Signed-off-by: Frank Ch. Eigler <fche@redhat.com>
diff --git a/debuginfod/ChangeLog b/debuginfod/ChangeLog
index 2872d66..8de8852 100644
--- a/debuginfod/ChangeLog
+++ b/debuginfod/ChangeLog
@@ -1,3 +1,17 @@
+2021-02-04  Frank Ch. Eigler <fche@redhat.com>
+
+	PR27092 low-memory handling
+	* debuginfod.cxx (fdcache_mintmp): New parameter, with cmd-line option.
+	(parse_opt): Parse it.
+	(main): Default it.
+	(statfs_free_enough_p): New function.
+	(libarchive_fdcache::*): Call it to trigger emergency fdcache flush.
+	(thread_main_scanner): Call it to report filesystem fullness metrics.
+	(groom): Ditto.
+	(set/add_metric): Take double rather than int64_t values.
+	(archive_exception): Propagate suberror to metric label.
+	(main): Detect pthread creation fatal errors properly.
+
 2021-02-02  Frank Ch.

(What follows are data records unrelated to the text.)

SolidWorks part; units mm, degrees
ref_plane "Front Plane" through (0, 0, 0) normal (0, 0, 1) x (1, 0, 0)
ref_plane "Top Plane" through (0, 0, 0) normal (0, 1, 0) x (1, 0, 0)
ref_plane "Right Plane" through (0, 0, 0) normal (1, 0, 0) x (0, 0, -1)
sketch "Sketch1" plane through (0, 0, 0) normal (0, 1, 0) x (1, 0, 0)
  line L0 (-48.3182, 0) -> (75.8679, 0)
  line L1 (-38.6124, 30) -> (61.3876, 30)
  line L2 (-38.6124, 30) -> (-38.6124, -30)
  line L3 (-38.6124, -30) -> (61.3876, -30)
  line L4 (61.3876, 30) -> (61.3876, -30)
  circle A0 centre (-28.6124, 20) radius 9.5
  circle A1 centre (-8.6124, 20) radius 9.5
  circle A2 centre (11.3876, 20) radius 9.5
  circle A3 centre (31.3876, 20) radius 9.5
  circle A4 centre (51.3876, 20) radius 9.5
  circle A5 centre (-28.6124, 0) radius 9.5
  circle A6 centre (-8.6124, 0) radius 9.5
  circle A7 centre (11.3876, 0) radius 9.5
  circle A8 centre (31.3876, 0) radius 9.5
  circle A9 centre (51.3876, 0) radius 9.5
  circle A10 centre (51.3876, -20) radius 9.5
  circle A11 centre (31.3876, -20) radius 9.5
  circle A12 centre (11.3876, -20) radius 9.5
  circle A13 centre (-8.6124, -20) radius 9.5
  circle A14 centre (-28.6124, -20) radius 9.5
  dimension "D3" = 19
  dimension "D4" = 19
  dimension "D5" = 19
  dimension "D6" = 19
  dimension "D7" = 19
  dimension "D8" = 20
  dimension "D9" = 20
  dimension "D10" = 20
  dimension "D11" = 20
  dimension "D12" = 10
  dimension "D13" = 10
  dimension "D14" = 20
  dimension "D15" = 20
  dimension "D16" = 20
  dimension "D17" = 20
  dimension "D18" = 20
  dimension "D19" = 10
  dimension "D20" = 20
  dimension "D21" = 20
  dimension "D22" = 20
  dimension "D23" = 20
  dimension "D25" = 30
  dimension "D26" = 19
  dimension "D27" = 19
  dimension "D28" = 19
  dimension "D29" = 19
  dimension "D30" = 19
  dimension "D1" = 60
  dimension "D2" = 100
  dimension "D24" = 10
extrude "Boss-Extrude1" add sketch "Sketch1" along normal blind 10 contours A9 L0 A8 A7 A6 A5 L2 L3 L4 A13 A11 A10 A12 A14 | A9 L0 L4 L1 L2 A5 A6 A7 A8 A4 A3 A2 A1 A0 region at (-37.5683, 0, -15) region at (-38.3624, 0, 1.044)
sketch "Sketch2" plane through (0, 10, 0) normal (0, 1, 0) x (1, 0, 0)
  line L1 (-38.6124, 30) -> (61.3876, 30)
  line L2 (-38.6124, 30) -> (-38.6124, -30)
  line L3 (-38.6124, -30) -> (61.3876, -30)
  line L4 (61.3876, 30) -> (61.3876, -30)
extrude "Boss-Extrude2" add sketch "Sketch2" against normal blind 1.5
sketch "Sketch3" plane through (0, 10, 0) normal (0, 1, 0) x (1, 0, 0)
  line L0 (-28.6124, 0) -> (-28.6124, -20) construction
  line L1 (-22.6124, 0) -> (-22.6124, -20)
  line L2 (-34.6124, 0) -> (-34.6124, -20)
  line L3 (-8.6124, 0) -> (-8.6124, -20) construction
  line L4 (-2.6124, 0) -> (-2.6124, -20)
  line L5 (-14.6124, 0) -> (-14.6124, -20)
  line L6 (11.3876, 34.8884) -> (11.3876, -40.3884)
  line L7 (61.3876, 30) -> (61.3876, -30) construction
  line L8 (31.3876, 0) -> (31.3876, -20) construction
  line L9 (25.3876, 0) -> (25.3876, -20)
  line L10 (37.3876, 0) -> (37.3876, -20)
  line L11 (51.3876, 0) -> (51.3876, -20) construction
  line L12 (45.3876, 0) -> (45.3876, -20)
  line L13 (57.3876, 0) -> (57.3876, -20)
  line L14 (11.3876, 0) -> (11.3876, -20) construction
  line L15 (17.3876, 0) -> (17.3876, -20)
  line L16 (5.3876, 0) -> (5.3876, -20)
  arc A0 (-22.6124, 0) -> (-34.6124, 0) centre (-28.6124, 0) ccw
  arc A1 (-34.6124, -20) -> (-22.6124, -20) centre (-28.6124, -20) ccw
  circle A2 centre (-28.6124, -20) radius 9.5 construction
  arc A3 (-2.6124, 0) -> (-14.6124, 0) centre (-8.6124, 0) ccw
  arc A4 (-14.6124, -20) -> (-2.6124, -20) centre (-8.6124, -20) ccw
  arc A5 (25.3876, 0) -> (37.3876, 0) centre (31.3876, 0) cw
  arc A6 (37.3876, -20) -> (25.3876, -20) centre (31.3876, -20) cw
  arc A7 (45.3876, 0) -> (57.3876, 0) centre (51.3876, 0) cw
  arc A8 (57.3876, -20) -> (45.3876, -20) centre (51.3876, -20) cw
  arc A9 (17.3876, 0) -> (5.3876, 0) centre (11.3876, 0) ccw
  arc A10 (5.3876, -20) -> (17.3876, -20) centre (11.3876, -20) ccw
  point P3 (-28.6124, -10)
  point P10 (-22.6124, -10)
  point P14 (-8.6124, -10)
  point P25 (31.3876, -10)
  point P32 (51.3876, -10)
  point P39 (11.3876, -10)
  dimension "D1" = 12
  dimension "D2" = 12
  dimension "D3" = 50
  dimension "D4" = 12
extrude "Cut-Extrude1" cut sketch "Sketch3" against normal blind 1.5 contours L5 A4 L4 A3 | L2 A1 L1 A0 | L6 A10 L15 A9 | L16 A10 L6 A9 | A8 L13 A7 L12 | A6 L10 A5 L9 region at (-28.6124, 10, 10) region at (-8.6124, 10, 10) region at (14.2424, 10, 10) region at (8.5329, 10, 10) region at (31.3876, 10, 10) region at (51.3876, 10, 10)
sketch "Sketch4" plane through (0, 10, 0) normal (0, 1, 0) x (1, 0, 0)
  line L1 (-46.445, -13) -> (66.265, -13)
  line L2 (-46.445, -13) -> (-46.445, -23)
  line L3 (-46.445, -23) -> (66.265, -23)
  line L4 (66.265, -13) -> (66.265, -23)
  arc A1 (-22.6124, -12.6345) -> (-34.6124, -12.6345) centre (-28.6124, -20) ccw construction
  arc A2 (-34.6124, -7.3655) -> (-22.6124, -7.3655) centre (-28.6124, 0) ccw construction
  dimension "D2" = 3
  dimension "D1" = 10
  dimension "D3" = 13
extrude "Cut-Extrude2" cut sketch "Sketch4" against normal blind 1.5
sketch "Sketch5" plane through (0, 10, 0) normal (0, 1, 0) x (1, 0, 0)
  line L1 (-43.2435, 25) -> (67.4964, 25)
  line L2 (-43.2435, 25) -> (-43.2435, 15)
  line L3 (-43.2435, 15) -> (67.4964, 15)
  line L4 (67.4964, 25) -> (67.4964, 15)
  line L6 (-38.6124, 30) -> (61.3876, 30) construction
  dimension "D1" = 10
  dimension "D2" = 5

Eigler <fche@redhat.com>
 
 	PR27323
diff --git a/debuginfod/debuginfod.cxx b/debuginfod/debuginfod.cxx
index c9c0dc9..b34eacc 100644
--- a/debuginfod/debuginfod.cxx
+++ b/debuginfod/debuginfod.cxx
@@ -365,6 +365,8 @@
    { "fdcache-mbs", ARGP_KEY_FDCACHE_MBS, "MB", 0, "Maximum total size of archive file fdcache.", 0 },
 #define ARGP_KEY_FDCACHE_PREFETCH 0x1003
    { "fdcache-prefetch", ARGP_KEY_FDCACHE_PREFETCH, "NUM", 0, "Number of archive files to prefetch into fdcache.", 0 },
+#define ARGP_KEY_FDCACHE_MINTMP 0x1004
+   { "fdcache-mintmp", ARGP_KEY_FDCACHE_MINTMP, "NUM", 0, "Minimum free space% on tmpdir.", 0 },
    { NULL, 0, NULL, 0, NULL, 0 }
   };
 
@@ -408,19 +410,20 @@
 static long fdcache_fds;
 static long fdcache_mbs;
 static long fdcache_prefetch;
+static long fdcache_mintmp;
 static string tmpdir;
 
-static void set_metric(const string& key, int64_t value);
+static void set_metric(const string& key, double value);
 // static void inc_metric(const string& key);
 static void set_metric(const string& metric,
                        const string& lname, const string& lvalue,
-                       int64_t value);
+                       double value);
 static void inc_metric(const string& metric,
                        const string& lname, const string& lvalue);
 static void add_metric(const string& metric,
                        const string& lname, const string& lvalue,
-                       int64_t value);
-// static void add_metric(const string& metric, int64_t value);
+                       double value);
+// static void add_metric(const string& metric, double value);
 
 class tmp_inc_metric { // a RAII style wrapper for exception-safe scoped increment & decrement
   string m, n, v;
@@ -452,7 +455,7 @@
     double deltas = (ts_end.tv_sec - ts_start.tv_sec)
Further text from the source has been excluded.